Speaking as a sculptor these staues don’t look like sculpture at all.

They look like 3D scans. Possibly AI generated black women, fed into a program to create a 3D image, that image used to create a set of negative molds that could be used to create bronzes.

Occasionally Hollywood makes a movie that is prophetic and which predicts an event that actually happens. When I saw a picture of that hideous statue recently installed in Times Square, I immediately thought of that cheesey 1950s movie “The Attack of the Fifty Foot Woman.” In the movie the woman was the embodiment of angry vengeance, sowing mayhem on those characters (who happened to be white). Well done Hollywood, well done NYC. Trashy fiction inspires trashy sculpture.

That is the mortgage fraudster LaTush James on Ozempic.
You can tell because the mouth is not connected to the brain.
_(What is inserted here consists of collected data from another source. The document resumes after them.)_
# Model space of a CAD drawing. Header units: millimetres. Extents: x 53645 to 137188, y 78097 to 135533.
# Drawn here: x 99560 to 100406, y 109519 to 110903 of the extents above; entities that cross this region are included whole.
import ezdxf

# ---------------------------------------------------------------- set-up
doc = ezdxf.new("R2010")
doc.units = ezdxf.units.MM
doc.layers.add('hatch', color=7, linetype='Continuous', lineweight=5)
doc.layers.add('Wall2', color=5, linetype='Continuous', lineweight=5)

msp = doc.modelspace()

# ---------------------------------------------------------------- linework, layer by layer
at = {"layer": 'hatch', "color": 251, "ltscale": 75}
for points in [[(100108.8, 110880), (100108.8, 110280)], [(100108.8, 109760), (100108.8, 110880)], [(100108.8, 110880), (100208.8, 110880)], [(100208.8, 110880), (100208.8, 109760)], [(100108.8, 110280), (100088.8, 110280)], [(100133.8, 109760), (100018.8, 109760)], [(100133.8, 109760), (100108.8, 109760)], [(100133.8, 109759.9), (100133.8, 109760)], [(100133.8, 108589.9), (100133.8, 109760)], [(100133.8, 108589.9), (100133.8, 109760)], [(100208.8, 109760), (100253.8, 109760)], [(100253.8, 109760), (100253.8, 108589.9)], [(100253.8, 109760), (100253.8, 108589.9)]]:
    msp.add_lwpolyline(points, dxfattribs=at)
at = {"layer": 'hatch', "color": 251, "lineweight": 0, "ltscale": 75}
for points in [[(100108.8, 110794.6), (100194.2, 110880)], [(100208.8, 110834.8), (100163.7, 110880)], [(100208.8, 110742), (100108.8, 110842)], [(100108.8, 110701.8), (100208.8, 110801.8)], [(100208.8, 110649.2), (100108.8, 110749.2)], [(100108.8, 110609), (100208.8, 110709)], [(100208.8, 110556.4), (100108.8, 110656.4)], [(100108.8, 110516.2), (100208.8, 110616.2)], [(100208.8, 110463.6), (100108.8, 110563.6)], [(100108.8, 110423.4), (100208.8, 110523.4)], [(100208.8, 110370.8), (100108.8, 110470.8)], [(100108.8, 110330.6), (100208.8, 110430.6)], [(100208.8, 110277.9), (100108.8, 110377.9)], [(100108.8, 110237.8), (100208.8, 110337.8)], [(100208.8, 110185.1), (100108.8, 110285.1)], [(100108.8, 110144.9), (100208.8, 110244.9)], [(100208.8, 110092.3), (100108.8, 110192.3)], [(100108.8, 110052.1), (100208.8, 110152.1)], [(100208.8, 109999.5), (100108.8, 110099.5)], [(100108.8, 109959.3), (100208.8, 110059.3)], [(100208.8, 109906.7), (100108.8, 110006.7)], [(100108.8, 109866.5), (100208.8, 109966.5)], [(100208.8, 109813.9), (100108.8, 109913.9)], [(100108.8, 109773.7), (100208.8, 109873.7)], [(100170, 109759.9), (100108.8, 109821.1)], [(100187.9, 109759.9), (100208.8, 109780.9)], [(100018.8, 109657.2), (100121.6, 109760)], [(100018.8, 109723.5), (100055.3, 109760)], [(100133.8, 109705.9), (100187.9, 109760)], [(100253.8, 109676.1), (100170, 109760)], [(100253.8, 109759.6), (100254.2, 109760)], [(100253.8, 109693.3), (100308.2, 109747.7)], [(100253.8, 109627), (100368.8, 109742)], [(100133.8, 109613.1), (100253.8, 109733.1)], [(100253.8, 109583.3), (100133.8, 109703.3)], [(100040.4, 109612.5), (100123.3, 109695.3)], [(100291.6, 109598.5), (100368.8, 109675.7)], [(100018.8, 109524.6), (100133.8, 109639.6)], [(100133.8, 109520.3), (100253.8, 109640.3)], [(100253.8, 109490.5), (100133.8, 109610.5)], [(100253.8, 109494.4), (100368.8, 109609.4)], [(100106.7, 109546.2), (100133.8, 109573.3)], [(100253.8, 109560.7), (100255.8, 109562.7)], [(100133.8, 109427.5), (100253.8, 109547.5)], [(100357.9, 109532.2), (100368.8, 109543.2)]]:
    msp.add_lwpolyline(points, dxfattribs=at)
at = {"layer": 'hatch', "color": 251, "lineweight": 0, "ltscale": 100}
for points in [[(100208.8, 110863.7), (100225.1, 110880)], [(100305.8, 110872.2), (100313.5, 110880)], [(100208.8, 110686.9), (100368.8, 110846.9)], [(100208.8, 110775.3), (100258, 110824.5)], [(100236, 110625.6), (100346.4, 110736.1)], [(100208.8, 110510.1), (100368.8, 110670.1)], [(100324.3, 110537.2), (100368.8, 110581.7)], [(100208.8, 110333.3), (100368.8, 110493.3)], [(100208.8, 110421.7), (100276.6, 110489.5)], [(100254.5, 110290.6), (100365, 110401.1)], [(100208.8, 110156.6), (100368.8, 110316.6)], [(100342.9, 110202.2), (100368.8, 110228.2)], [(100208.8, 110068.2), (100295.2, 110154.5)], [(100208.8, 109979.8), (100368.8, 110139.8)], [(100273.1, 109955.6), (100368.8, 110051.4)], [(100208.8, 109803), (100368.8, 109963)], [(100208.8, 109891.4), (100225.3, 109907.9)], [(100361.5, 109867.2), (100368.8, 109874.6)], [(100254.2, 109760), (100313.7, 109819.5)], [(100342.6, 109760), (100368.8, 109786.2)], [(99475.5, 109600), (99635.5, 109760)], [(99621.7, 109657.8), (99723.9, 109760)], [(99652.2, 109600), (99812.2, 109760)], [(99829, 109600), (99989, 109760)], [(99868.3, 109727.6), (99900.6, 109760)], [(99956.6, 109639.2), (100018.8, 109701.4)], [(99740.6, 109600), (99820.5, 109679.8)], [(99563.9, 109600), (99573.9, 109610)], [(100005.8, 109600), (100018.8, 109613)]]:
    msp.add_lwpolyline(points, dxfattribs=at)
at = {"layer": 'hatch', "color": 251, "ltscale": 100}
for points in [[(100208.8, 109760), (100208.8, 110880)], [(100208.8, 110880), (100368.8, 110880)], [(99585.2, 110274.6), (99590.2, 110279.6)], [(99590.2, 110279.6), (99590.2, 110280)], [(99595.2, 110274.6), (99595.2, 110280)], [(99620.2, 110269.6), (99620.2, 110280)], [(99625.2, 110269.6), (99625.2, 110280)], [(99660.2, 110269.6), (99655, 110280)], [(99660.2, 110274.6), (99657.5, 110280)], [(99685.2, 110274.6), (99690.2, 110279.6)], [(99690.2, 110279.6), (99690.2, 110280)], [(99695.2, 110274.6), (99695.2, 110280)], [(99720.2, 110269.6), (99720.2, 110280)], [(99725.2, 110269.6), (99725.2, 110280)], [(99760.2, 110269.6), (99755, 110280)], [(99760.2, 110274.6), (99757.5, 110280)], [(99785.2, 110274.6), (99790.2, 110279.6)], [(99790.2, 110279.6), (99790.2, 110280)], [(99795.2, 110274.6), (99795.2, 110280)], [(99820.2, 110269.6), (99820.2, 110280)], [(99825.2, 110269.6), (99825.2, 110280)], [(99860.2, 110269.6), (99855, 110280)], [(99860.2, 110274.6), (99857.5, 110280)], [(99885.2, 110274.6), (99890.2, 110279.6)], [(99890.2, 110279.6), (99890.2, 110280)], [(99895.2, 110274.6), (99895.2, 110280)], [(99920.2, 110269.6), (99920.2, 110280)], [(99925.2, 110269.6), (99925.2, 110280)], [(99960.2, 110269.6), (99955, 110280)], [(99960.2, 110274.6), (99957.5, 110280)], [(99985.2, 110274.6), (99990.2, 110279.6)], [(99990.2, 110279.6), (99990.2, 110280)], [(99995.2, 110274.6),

Another important woman who deserves statues in San Francisco and in Oakland is Ina Coolbrith. She was California’s first Poet Laureate, the first Head Librarian in Oakland (which was the first city in California to have a public library), the only woman of the Bohemian Club as their Secretary, hosted a literary salon that included Mark Twain, Bret Harte, Ambrose Bierce, Joaquin Miller, and the father of Isadora Duncan, a renown poet in his own right. Coolbrith also mentored young Jack London.

No one has heard of her, but her influence was, and still is, far reaching.